Alcohol increases the appetite,” pronounces John Ernsberger, a hardworking bartender at Stark’s Steakhouse. “When you think about it, vodka is a palate cleanser, right? So when you take a shot of vodka or a sip of a vodka martini, it basically resets your palate. Usually, when you have a bite of a good hamburger, that first bite is the best. But the vodka lets you taste that burger for the first time, every time.”
The cold and crisp electric shock of a fine vodka martini paired with the comforting culinary mate of a fine cheeseburger—hot and juicy in that rich, satiating way that only a good burger can be—may not be everyone’s obvious choice of a midday nibble, but for a growing number of casual daytime diners, the burger-and-martini lunch has become identified as a great culinary vacation in the midst of a long, hard work day.
For those willing to explore, the North Bay does offer a number of first-rate burger-and-martini eateries, and the two-year-old Stark’s (521 Adams St., Santa Rosa, 707.576.9610) is one of them.
“Beer and wine is what we serve most often when people are eating meat,” Ernsberger remarks. “Next to that, a burger and a whiskey is pretty common. But we certainly do see people doing the burger-and-martini lunch.”
It has to be, of course, a vodka martini. Not just for the palate-cleansing, resetting-the-tastebuds reason that Ernsberger has already described, but quite simply because gin just makes a burger taste weird. Asked his secret for shaking up a good martini, and the reason Stark’s burgers are always so incredibly flavorful, Ernsberger is to the point.
“It’s just good beef,” he says. “And what makes a good vodka martini? Tender loving care. It’s all about not overdoing it on the vermouth. Also, it’s olives that haven’t been sitting out too long. That’s a rule a lot of bartenders forget—keep the garnish fresh.”
In Napa, finding a good burger place isn’t hard, nor is locating a bar that serves up martinis with that kind of TLC. Finding both in the same establishment, open for lunch, is a little tougher. One good Napa-based martini-and-burger bistro is the Rutherford Grill (1180 Rutherford Road, Napa, 707.963.1792), where the only burger is a cheeseburger, served on a house-made egg roll that is a perfect complement to the cooked-to-order burger itself. Totally worth the $14 price tag, the cheeseburger is matched in quality by the vodka martinis—cold and well-blended—along with the bright, lively environment.
The environment, according to some, is a major part of a good martini and burger lunch.
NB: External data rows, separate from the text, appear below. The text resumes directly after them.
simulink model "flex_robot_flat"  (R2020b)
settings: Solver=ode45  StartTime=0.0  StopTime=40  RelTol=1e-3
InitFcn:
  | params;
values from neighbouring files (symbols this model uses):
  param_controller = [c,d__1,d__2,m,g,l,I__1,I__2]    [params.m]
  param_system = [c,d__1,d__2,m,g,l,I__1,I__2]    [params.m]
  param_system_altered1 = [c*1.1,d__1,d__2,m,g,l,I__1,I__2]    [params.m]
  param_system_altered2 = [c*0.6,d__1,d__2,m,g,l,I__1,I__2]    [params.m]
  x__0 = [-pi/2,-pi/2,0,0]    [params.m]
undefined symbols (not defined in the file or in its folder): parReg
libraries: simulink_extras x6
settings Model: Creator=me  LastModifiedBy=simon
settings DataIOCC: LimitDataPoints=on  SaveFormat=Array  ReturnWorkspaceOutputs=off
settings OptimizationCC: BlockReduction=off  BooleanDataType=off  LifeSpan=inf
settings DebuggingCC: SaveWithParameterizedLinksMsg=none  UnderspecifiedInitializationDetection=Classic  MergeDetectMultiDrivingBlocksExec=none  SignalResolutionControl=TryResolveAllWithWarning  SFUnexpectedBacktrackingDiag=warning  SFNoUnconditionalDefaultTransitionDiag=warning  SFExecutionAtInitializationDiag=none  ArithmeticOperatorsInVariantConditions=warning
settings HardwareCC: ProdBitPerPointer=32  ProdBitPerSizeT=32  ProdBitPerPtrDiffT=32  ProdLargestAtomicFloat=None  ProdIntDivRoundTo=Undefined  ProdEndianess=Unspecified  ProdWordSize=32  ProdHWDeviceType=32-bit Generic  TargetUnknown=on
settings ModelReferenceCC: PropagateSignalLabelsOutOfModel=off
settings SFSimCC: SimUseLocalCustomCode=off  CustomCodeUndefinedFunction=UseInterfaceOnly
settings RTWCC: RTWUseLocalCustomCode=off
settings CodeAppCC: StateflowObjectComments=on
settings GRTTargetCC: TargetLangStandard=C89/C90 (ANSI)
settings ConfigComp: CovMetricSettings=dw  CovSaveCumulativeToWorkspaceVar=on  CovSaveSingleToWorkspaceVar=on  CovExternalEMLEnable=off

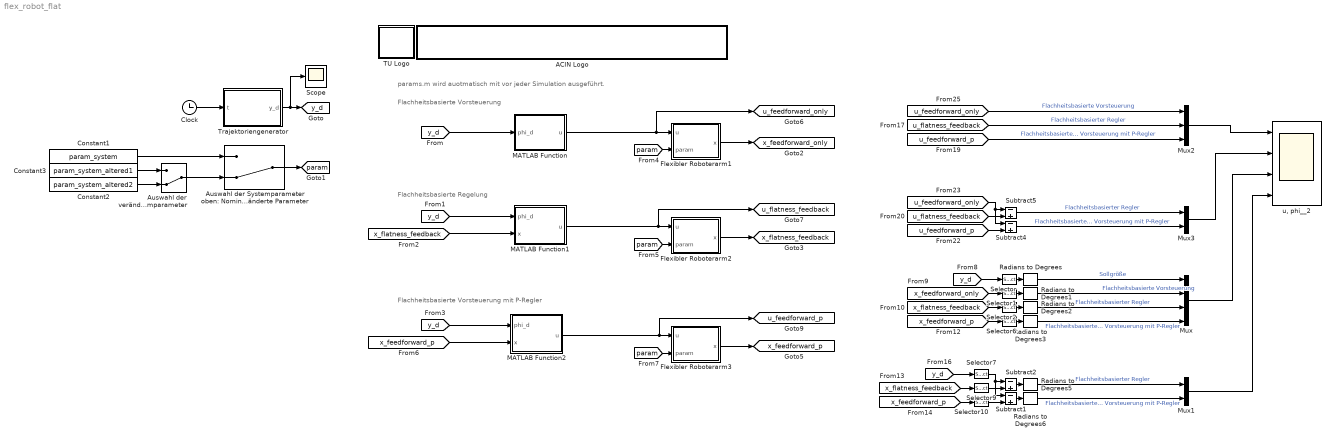
== system flex_robot_flat ==
  note: Flachheitsbasierte Vorsteuerung
  note: Flachheitsbasierte Regelung
  note: Flachheitsbasierte Vorsteuerung mit P-Regler
  note: params.m wird auotmatisch mit vor jeder Simulation ausgeführt.
  ACIN Logo : Subsystem
      mask init:
      | s = get_param(gcb,'UserData');
      mask Display:
      | image(s.logo,[0 0 439 45]);
      | %axis image
  Auswahl der veränderten Systemparameter : ManualSwitch  CurrentSetting=0
  Auswahl der Systemparameter oben: Nominelle Parameter unten: Veränderte Parameter : ManualSwitch  CurrentSetting=0
  Clock : Clock
  Constant1 : Constant  Value=param_system
  Constant2 : Constant  Value=param_system_altered2
  Constant3 : Constant  Value=param_system_altered1
  Flexibler Roboterarm1 : Subsystem
  Flexibler Roboterarm2 : Subsystem
  Flexibler Roboterarm3 : Subsystem
  MATLAB Function : MATLAB Function  TreatAsAtomicUnit=on
  MATLAB Function1 : MATLAB Function  TreatAsAtomicUnit=on
  MATLAB Function2 : MATLAB Function  TreatAsAtomicUnit=on
  Mux : Mux
  Mux1 : Mux  Inputs=2
  Mux2 : Mux  Inputs=3
  Mux3 : Mux  Inputs=2
  Radians to Degrees{,1..3,5..6} (6 alike) : simulink_extras/Transformations/Radians to Degrees
  Scope : Scope
  Selector : Selector  InputPortWidth=5  IndexOptions=Index vector (dialog)  Indices=[1]  OutputSizes=1
  Selector{1..2,6,9..10} (5 alike) : Selector  InputPortWidth=4  IndexOptions=Index vector (dialog)  Indices=2  OutputSizes=1
  Selector7 : Selector  InputPortWidth=5  IndexOptions=Index vector (dialog)  Indices=[1]  OutputSizes=1
  Subtract{1..2,4..5} (4 alike) : Sum  Inputs=-+
  TU Logo : Subsystem
      mask init:
      | s = get_param(gcb,'UserData');
      mask Display: image(s.logo,[0 0 45 45]);
  Trajektoriengenerator : MATLAB Function  TreatAsAtomicUnit=on
  "u, phi__2" : Scope  NumInputPorts=4
  tag scope: param=global, u_feedforward_only=global, u_feedforward_p=global, u_flatness_feedback=global, x_feedforward_only=global, x_feedforward_p=global, x_flatness_feedback=global, y_d=global
  wires:
  Clock/1 -> Trajektoriengenerator/1(t)
  Radians to Degrees/1 -> Mux/1  "Sollgröße"
  MATLAB Function1/1(u) -> [u_flatness_feedback], Flexibler Roboterarm2/1(u)
  Flexibler Roboterarm2/1(x) -> [x_flatness_feedback]
  Flexibler Roboterarm3/1(x) -> [x_feedforward_p]
  MATLAB Function2/1(u) -> [u_feedforward_p], Flexibler Roboterarm3/1(u)
  Constant1/1 -> Auswahl der Systemparameter oben: Nominelle Parameter unten: Veränderte Parameter/1
  Trajektoriengenerator/1(y_d) -> Scope/1, [y_d]
  [y_d] -> MATLAB Function/1(phi_d)
  [y_d] -> MATLAB Function1/1(phi_d)
  [y_d] -> MATLAB Function2/1(phi_d)
  Auswahl der Systemparameter oben: Nominelle Parameter unten: Veränderte Parameter/1 -> [param]
  [param] -> Flexibler Roboterarm1/2(param)
  [param] -> Flexibler Roboterarm2/2(param)
  [param] -> Flexibler Roboterarm3/2(param)
  Flexibler Roboterarm1/1(x) -> [x_feedforward_only]
  [y_d] -> Selector/1
  [x_feedforward_only] -> Selector1/1
  Radians to Degrees1/1 -> Mux/2  "Flachheitsbasierte Vorsteuerung"
  Radians to Degrees2/1 -> Mux/3  "Flachheitsbasierter Regler"
  [x_flatness_feedback] -> Selector2/1
  Radians to Degrees5/1 -> Mux1/1  "Flachheitsbasierter Regler"
  [x_feedforward_p] -> Selector10/1
  [x_flatness_feedback] -> Selector9/1
  Radians to Degrees6/1 -> Mux1/2  "Flachheitsbasierte Vorsteuerung mit P-Regler"
  Selector9/1 -> Subtract2/2
  Selector10/1 -> Subtract1/2
  Selector7/1 -> Subtract1/1, Subtract2/1
  [u_flatness_feedback] -> Mux2/2  "Flachheitsbasierter Regler"
  Subtract4/1 -> Mux3/2  "Flachheitsbasierte Vorsteuerung mit P-Regler"
  [u_flatness_feedback] -> Subtract5/2
  [u_feedforward_only] -> Subtract4/1, Subtract5/1
  Mux2/1 -> "u, phi__2"/1
  [u_feedforward_p] -> Subtract4/2
  Subtract5/1 -> Mux3/1  "Flachheitsbasierter Regler"
  [u_feedforward_only] -> Mux2/1  "Flachheitsbasierte Vorsteuerung"
  Mux3/1 -> "u, phi__2"/2
  Constant3/1 -> Auswahl der veränderten Systemparameter/1
  Constant2/1 -> Auswahl der veränderten Systemparameter/2
  Auswahl der veränderten Systemparameter/1 -> Auswahl der Systemparameter oben: Nominelle Parameter unten: Veränderte Parameter/2
  Radians to Degrees3/1 -> Mux/4  "Flachheitsbasierte Vorsteuerung mit P-Regler"
  [x_feedforward_p] -> Selector6/1
  [y_d] -> Selector7/1
  [u_feedforward_p] -> Mux2/3  "Flachheitsbasierte Vorsteuerung mit P-Regler"
  MATLAB Function/1(u) -> [u_feedforward_only], Flexibler Roboterarm1/1(u)
  Mux/1 -> "u, phi__2"/3
  Mux1/1 -> "u, phi__2"/4
  Selector/1 -> Radians to Degrees/1
  Selector1/1 -> Radians to Degrees1/1
  Selector2/1 -> Radians to Degrees2/1
  Selector6/1 -> Radians to Degrees3/1
  Subtract2/1 -> Radians to Degrees5/1
  Subtract1/1 -> Radians to Degrees6/1
  [x_flatness_feedback] -> MATLAB Function1/2(x)
  [x_feedforward_p] -> MATLAB Function2/2(x)

== system flex_robot_flat/ACIN Logo ==

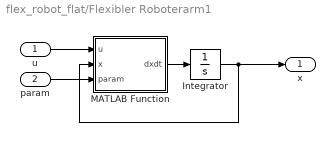
== system flex_robot_flat/Flexibler Roboterarm1 ==
  u : Inport
  param : Inport  Port=2
  Integrator : Integrator  InitialCondition=x__0
  MATLAB Function : MATLAB Function  TreatAsAtomicUnit=on
  x : Outport  VectorParamsAs1DForOutWhenUnconnected=off
  wires:
  u/1 -> MATLAB Function/1(u)
  Integrator/1 -> x/1, MATLAB Function/2(x)
  MATLAB Function/1(dxdt) -> Integrator/1
  param/1 -> MATLAB Function/3(param)

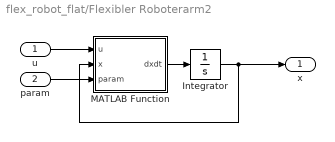
== system flex_robot_flat/Flexibler Roboterarm2 ==
  u : Inport
  param : Inport  Port=2
  Integrator : Integrator  InitialCondition=x__0
  MATLAB Function : MATLAB Function  TreatAsAtomicUnit=on
  x : Outport  VectorParamsAs1DForOutWhenUnconnected=off
  wires:
  u/1 -> MATLAB Function/1(u)
  Integrator/1 -> x/1, MATLAB Function/2(x)
  MATLAB Function/1(dxdt) -> Integrator/1
  param/1 -> MATLAB Function/3(param)

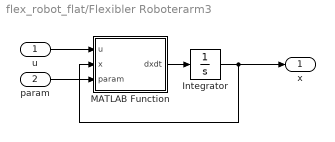
== system flex_robot_flat/Flexibler Roboterarm3 ==
  u : Inport
  param : Inport  Port=2
  Integrator : Integrator  InitialCondition=x__0
  MATLAB Function : MATLAB Function  TreatAsAtomicUnit=on
  x : Outport  VectorParamsAs1DForOutWhenUnconnected=off
  wires:
  u/1 -> MATLAB Function/1(u)
  Integrator/1 -> x/1, MATLAB Function/2(x)
  MATLAB Function/1(dxdt) -> Integrator/1
  param/1 -> MATLAB Function/3(param)

== system flex_robot_flat/TU Logo ==

== matlab function flex_robot_flat/MATLAB Function1 ==
  data: phi_d input; x input; u output; param_controller parameter; parReg parameter
function u = fcn(phi_d,x,param_controller,parReg)

% Sollwerte von phi2 und dessen Ableitungen
z__1 = phi_d(1);
z__2 = phi_d(2);
z__3 = phi_d(3);
z__4 = phi_d(4);
dz__4 = phi_d(5);

% Parameter des Systems
c = param_controller(1);
d__1 = param_controller(2);
d__2 = param_controller(3);
m = param_controller(4);
g = param_controller(5);
l = param_controller(6);
I__1 = param_controller(7);
I__2 = param_controller(8);

% Messgrößen
varphi__1 = x(1);
varphi__2 = x(2);
omega__1 = x(3);
omega__2 = x(4);

% Reglerparameter
a0 = parReg.a0;
a1 = parReg.a1;
a2 = parReg.a2;
a3 = parReg.a3;

% Stellgröße
u = 0.1e1 / c * I__2 * I__1 * (dz__4 + d__2 / I__2 ^ 2 * c * omega__1 - (m * g * l * cos(varphi__2) / I__2 * omega__2 - d__2 / I__2 ^ 2 * (-c + m * g * l * sin(varphi__2))) * omega__2 - c / I__2 * (-c * varphi__1 + c * varphi__2 - d__1 * omega__1) / I__1 - ((-c + m * g * l * sin(varphi__2)) / I__2 + d__2 ^ 2 / I__2 ^ 2) * (c * varphi__1 - c * varphi__2 - m * g * l * cos(varphi__2) - d__2 * omega__2) / I__2 - a0 * (-z__1 + varphi__2) - a1 * (-z__2 + omega__2) - a2 * ((c * varphi__1 - c * varphi__2 - m * g * l * cos(varphi__2) - d__2 * omega__2) / I__2 - z__3) - a3 * (c / I__2 * omega__1 + (-c + m * g * l * sin(varphi__2)) / I__2 * omega__2 - d__2 / I__2 ^ 2 * (c * varphi__1 - c * varphi__2 - m * g * l * cos(varphi__2) - d__2 * omega__2) - z__4));

== matlab function flex_robot_flat/MATLAB Function ==
  data: phi_d input; u output; param_controller parameter
function u = fcn(phi_d,param_controller)

% Sollwerte von phi2 und dessen Ableitungen
z__1 = phi_d(1);
z__2 = phi_d(2);
z__3 = phi_d(3);
z__4 = phi_d(4);
dz__4 = phi_d(5);

% Parameter des Systems
c = param_controller(1);
d__1 = param_controller(2);
d__2 = param_controller(3);
m = param_controller(4);
g = param_controller(5);
l = param_controller(6);
I__1 = param_controller(7);
I__2 = param_controller(8);

varphi__1 = (m * g * l * cos(z__1) + z__3 * I__2 + c * z__1 + d__2 * z__2) / c;
varphi__2 = z__1;
omega__1 = (-sin(z__1) * g * l * m * z__2 + I__2 * z__4 + c * z__2 + d__2 * z__3) / c;
omega__2 = z__2;

% Stellgröße
u = 0.1e1 / c * I__2 * I__1 * (d__2 / I__2 ^ 2 * c * omega__1 - (m * g * l * cos(varphi__2) / I__2 * omega__2 - d__2 / I__2 ^ 2 * (-c + m * g * l * sin(varphi__2))) * omega__2 - c / I__2 * (-c * varphi__1 + c * varphi__2 - d__1 * omega__1) / I__1 - ((-c + m * g * l * sin(varphi__2)) / I__2 + d__2 ^ 2 / I__2 ^ 2) * (c * varphi__1 - c * varphi__2 - m * g * l * cos(varphi__2) - d__2 * omega__2) / I__2 + dz__4);

== matlab function flex_robot_flat/MATLAB Function2 ==
  data: phi_d input; x input; u output; param_controller parameter; parReg parameter
function u = fcn(phi_d,x,param_controller,parReg)

% Sollwerte von phi2 und dessen Ableitungen
z__1 = phi_d(1);
z__2 = phi_d(2);
z__3 = phi_d(3);
z__4 = phi_d(4);
dz__4 = phi_d(5);

% Parameter des Systems
c = param_controller(1);
d__1 = param_controller(2);
d__2 = param_controller(3);
m = param_controller(4);
g = param_controller(5);
l = param_controller(6);
I__1 = param_controller(7);
I__2 = param_controller(8);

varphi__1 = (m * g * l * cos(z__1) + z__3 * I__2 + c * z__1 + d__2 * z__2) / c;
varphi__2 = z__1;
omega__1 = (-sin(z__1) * g * l * m * z__2 + I__2 * z__4 + c * z__2 + d__2 * z__3) / c;
omega__2 = z__2;

% Fehler
e = z__1-x(2);

% Stellgröße
u = 0.1e1 / c * I__2 * I__1 * (d__2 / I__2 ^ 2 * c * omega__1 - (m * g * l * cos(varphi__2) / I__2 * omega__2 - d__2 / I__2 ^ 2 * (-c + m * g * l * sin(varphi__2))) * omega__2 - c / I__2 * (-c * varphi__1 + c * varphi__2 - d__1 * omega__1) / I__1 - ((-c + m * g * l * sin(varphi__2)) / I__2 + d__2 ^ 2 / I__2 ^ 2) * (c * varphi__1 - c * varphi__2 - m * g * l * cos(varphi__2) - d__2 * omega__2) / I__2 + dz__4);
u = u + parReg.K*e;

== matlab function flex_robot_flat/Trajektoriengenerator ==
  data: t input; y_d output; param_trajectory parameter
function y_d  = trajgen(t,param_trajectory)
  T   = param_trajectory(1);
  a0 = param_trajectory(2);
  a1 = param_trajectory(3);

  % Generierung der Trajektorie y1d für den flachen Ausgang y1
  if (t<=0)
      phi__2_d     = a0;
      phi__2_dp    = 0;
      phi__2_dpp   = 0;
      phi__2_dppp  = 0;
      phi__2_dpppp = 0;
  elseif (t>T)
      phi__2_d     = a1;
      phi__2_dp    = 0;
      phi__2_dpp   = 0;
      phi__2_dppp  = 0;
      phi__2_dpppp = 0;
  else
      % Generierung der Solltrajektorie für q1
      phi__2_d     = a0 - 126 / T ^ 5 * (a0 - a1) * t ^ 5 + 420 / T ^ 6 * (a0 ...
          - a1) * t ^ 6 - 540 / T ^ 7 * (a0 - a1) * t ^ 7 + 315 / T ^ 8 * ...
          (a0 - a1) * t ^ 8 - 70 * (a0 - a1) / T ^ 9 * t ^ 9;
      % Generierung der ersten Ableitung der Solltrajektorie für q1
      phi__2_dp    = -630 / T ^ 5 * (a0 - a1) * t ^ 4 + 2520 / T ^ 6 * (a0 - ...
          a1) * t ^ 5 - 3780 / T ^ 7 * (a0 - a1) * t ^ 6 + 2520 / T ^ 8 * ...
          (a0 - a1) * t ^ 7 - 630 * (a0 - a1) / T ^ 9 * t ^ 8;
      % Generierung der zweiten Ableitung der Solltrajektorie für q1
      phi__2_dpp   =  -2520 / T ^ 5 * (a0 - a1) * t ^ 3 + 12600 / T ^ 6 * (a0 - ...
          a1) * t ^ 4 - 22680 / T ^ 7 * (a0 - a1) * t ^ 5 + 17640 / T ^ 8 * ...
          (a0 - a1) * t ^ 6 - 5040 * (a0 - a1) / T ^ 9 * t ^ 7;
      % Generierung der dritten Ableitung der Solltrajektorie für q1
      phi__2_dppp  = -7560 / T ^ 5 * (a0 - a1) * t ^ 2 + 50400 / T ^ 6 * (a0 - ...
          a1) * t ^ 3 - 113400 / T ^ 7 * (a0 - a1) * t ^ 4 + 105840 / T ^ 8 ...
          * (a0 - a1) * t ^ 5 - 35280 * (a0 - a1) / T ^ 9 * t ^ 6;
      % Generierung der vierten Ableitung der Solltrajektorie für q1
      phi__2_dpppp =  -15120 / T ^ 5 * (a0 - a1) * t + 151200 / T ^ 6 * (a0 - ...
          a1) * t ^ 2 - 453600 / T ^ 7 * (a0 - a1) * t ^ 3 + 529200 / T ^ 8 ...
          * (a0 - a1) * t ^ 4 - 211680 * (a0 - a1) / T ^ 9 * t ^ 5;
  end
  % Verpacken der Solltrajektorie samt Ableitungen in einem Vektor zur Uebergabe
  % an die Vorsteuerung
  y_d = [phi__2_d,phi__2_dp,phi__2_dpp,phi__2_dppp,phi__2_dpppp];
end

== matlab function flex_robot_flat/Flexibler Roboterarm2/MATLAB Function ==
  data: u input; dxdt output; x input; param input
function dxdt = fcn(u,x,param)
  c=param(1);
  d__1=param(2);
  d__2=param(3);
  m=param(4);
  g=param(5);
  l=param(6);
  I__1=param(7);
  I__2=param(8);
  
  varphi__1=x(1);
  varphi__2=x(2);
  omega__1=x(3);
  omega__2=x(4);
  
  dxdt=zeros(4,1);
  dxdt(1) = omega__1;
  dxdt(2) = omega__2;
  dxdt(3) = -c/I__1*varphi__1 + c/I__1*varphi__2 - d__1/I__1*omega__1 + 1/I__1*u;
  dxdt(4) =  c/I__2*varphi__1 - c/I__2*varphi__2 - m*g*l/I__2*cos(varphi__2) - d__2/I__2*omega__2;
end

== matlab function flex_robot_flat/Flexibler Roboterarm3/MATLAB Function ==
  data: u input; dxdt output; x input; param input
function dxdt = fcn(u,x,param)
  c=param(1);
  d__1=param(2);
  d__2=param(3);
  m=param(4);
  g=param(5);
  l=param(6);
  I__1=param(7);
  I__2=param(8);
  
  varphi__1=x(1);
  varphi__2=x(2);
  omega__1=x(3);
  omega__2=x(4);
  
  dxdt=zeros(4,1);
  dxdt(1) = omega__1;
  dxdt(2) = omega__2;
  dxdt(3) = -c/I__1*varphi__1 + c/I__1*varphi__2 - d__1/I__1*omega__1 + 1/I__1*u;
  dxdt(4) =  c/I__2*varphi__1 - c/I__2*varphi__2 - m*g*l/I__2*cos(varphi__2) - d__2/I__2*omega__2;
end

== matlab function flex_robot_flat/Flexibler Roboterarm1/MATLAB Function ==
  data: u input; dxdt output; x input; param input
function dxdt = fcn(u,x,param)
  c=param(1);
  d__1=param(2);
  d__2=param(3);
  m=param(4);
  g=param(5);
  l=param(6);
  I__1=param(7);
  I__2=param(8);
  
  varphi__1=x(1);
  varphi__2=x(2);
  omega__1=x(3);
  omega__2=x(4);
  
  dxdt=zeros(4,1);
  dxdt(1) = omega__1;
  dxdt(2) = omega__2;
  dxdt(3) = -c/I__1*varphi__1 + c/I__1*varphi__2 - d__1/I__1*omega__1 + 1/I__1*u;
  dxdt(4) =  c/I__2*varphi__1 - c/I__2*varphi__2 - m*g*l/I__2*cos(varphi__2) - d__2/I__2*omega__2;
end

“What I’ve noticed,” suggests Gary Christiansen, bartender at the storied San Rafael Joe’s (931 Fourth St., San Rafael, 415.456.2425), “is that if you go to a real nice place, it really doesn’t matter what’s in the martini or how cold it is. It’s where you are, the ambiance. If the bartender is an asshole, the martini’s not going to taste as good.”
That said, Christiansen admits that a good vodka martini is a pretty fine companion.
“With a burger, you definitely need something smoother than gin, so I can see why vodka would go better with a burger,” he says. “And if its ice cold, then the martini is a nice contrast to the hot burger.”
Not that he’s impartial, but according to Christiansen, for Marinites, San Rafael Joe’s is the place to go. “It’s burger-and-martini heaven, right here.”